Task statement:
In the entries that follow, find the line containing "#15095 = EDGE_CURVE"; from there, copy every line exactly through the line containing "#29915 = DIRECTION".

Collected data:
== Segment start ==

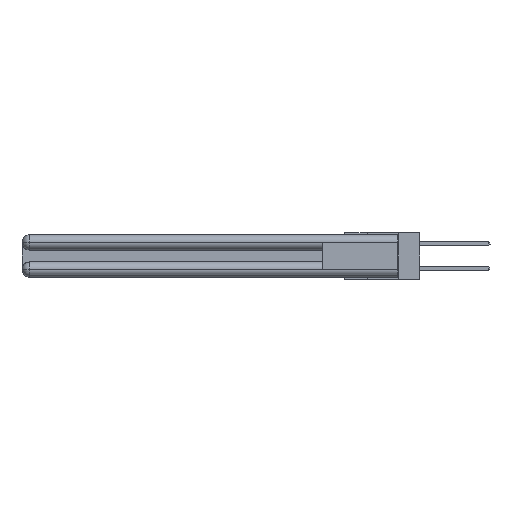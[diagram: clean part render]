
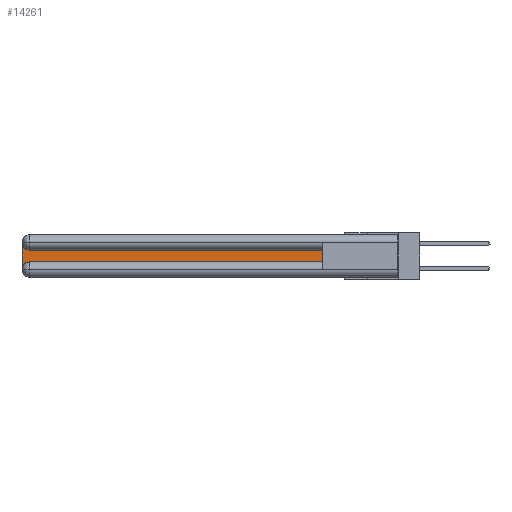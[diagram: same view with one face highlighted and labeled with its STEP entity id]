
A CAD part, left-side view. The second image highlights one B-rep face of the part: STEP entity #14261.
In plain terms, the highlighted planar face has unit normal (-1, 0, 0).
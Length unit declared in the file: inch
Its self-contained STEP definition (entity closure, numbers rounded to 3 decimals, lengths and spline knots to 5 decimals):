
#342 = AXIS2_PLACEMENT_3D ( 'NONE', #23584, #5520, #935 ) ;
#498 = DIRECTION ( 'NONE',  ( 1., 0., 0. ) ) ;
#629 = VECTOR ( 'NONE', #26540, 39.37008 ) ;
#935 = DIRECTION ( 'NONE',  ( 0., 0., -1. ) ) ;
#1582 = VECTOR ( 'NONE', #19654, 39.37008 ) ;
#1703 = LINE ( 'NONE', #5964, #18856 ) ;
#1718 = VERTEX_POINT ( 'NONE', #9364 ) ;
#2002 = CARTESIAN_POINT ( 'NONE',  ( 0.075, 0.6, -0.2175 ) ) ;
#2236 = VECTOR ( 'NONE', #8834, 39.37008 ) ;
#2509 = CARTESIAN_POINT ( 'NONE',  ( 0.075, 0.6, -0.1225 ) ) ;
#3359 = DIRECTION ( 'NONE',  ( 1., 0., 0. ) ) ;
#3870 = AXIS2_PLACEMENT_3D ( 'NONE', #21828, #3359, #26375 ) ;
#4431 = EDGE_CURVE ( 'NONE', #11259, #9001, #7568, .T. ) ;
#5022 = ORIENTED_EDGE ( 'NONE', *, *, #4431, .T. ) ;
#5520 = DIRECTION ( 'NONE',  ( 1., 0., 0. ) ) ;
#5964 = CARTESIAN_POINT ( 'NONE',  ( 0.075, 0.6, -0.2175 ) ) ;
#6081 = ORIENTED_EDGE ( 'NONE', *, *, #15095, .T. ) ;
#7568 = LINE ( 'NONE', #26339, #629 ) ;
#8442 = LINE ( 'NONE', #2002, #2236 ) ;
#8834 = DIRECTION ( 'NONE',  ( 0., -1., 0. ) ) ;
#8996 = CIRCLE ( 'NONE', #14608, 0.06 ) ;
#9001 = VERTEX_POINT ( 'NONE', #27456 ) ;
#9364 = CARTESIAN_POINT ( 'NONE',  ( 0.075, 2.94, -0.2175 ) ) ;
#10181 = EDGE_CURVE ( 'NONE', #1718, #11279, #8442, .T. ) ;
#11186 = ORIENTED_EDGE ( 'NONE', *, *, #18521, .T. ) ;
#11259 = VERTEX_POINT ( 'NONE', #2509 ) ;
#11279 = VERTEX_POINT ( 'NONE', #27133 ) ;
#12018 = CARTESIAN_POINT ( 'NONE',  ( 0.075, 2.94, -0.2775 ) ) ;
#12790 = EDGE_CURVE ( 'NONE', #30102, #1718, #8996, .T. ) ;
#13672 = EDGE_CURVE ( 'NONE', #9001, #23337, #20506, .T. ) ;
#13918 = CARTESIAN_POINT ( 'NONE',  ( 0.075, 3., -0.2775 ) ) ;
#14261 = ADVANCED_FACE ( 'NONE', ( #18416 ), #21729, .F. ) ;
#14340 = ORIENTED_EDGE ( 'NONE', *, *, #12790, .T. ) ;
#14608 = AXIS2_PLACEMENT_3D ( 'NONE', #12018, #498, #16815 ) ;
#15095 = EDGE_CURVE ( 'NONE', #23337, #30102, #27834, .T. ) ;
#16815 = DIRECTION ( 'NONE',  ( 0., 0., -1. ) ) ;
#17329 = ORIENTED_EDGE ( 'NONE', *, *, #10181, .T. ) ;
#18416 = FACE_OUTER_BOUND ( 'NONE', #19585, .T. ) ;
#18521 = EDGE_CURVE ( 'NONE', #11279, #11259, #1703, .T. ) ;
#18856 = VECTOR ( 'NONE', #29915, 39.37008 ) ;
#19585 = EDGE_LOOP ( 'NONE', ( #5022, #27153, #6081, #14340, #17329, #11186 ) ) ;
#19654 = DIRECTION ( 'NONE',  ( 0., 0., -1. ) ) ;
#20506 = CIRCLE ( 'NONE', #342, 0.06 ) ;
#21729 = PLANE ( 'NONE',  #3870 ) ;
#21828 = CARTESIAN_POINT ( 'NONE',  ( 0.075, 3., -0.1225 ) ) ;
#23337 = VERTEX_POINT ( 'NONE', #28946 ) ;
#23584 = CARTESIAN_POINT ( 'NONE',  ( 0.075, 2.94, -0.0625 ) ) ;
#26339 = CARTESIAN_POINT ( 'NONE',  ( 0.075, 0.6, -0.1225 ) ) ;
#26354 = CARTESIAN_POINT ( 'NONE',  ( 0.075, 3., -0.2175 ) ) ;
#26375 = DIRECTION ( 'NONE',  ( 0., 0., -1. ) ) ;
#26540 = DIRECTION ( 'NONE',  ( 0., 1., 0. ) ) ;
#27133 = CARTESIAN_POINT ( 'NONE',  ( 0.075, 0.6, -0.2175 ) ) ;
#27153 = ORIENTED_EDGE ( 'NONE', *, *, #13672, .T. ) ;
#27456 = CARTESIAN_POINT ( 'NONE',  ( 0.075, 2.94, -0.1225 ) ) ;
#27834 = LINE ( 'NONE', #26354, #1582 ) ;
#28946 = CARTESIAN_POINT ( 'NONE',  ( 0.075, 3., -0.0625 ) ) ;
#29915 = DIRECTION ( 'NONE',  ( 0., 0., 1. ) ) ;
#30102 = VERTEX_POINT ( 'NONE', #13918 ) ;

== Segment end ==

Solution below:
#15095 = EDGE_CURVE ( 'NONE', #23337, #30102, #27834, .T. ) ;
#16815 = DIRECTION ( 'NONE',  ( 0., 0., -1. ) ) ;
#17329 = ORIENTED_EDGE ( 'NONE', *, *, #10181, .T. ) ;
#18416 = FACE_OUTER_BOUND ( 'NONE', #19585, .T. ) ;
#18521 = EDGE_CURVE ( 'NONE', #11279, #11259, #1703, .T. ) ;
#18856 = VECTOR ( 'NONE', #29915, 39.37008 ) ;
#19585 = EDGE_LOOP ( 'NONE', ( #5022, #27153, #6081, #14340, #17329, #11186 ) ) ;
#19654 = DIRECTION ( 'NONE',  ( 0., 0., -1. ) ) ;
#20506 = CIRCLE ( 'NONE', #342, 0.06 ) ;
#21729 = PLANE ( 'NONE',  #3870 ) ;
#21828 = CARTESIAN_POINT ( 'NONE',  ( 0.075, 3., -0.1225 ) ) ;
#23337 = VERTEX_POINT ( 'NONE', #28946 ) ;
#23584 = CARTESIAN_POINT ( 'NONE',  ( 0.075, 2.94, -0.0625 ) ) ;
#26339 = CARTESIAN_POINT ( 'NONE',  ( 0.075, 0.6, -0.1225 ) ) ;
#26354 = CARTESIAN_POINT ( 'NONE',  ( 0.075, 3., -0.2175 ) ) ;
#26375 = DIRECTION ( 'NONE',  ( 0., 0., -1. ) ) ;
#26540 = DIRECTION ( 'NONE',  ( 0., 1., 0. ) ) ;
#27133 = CARTESIAN_POINT ( 'NONE',  ( 0.075, 0.6, -0.2175 ) ) ;
#27153 = ORIENTED_EDGE ( 'NONE', *, *, #13672, .T. ) ;
#27456 = CARTESIAN_POINT ( 'NONE',  ( 0.075, 2.94, -0.1225 ) ) ;
#27834 = LINE ( 'NONE', #26354, #1582 ) ;
#28946 = CARTESIAN_POINT ( 'NONE',  ( 0.075, 3., -0.0625 ) ) ;
#29915 = DIRECTION ( 'NONE',  ( 0., 0., 1. ) ) ;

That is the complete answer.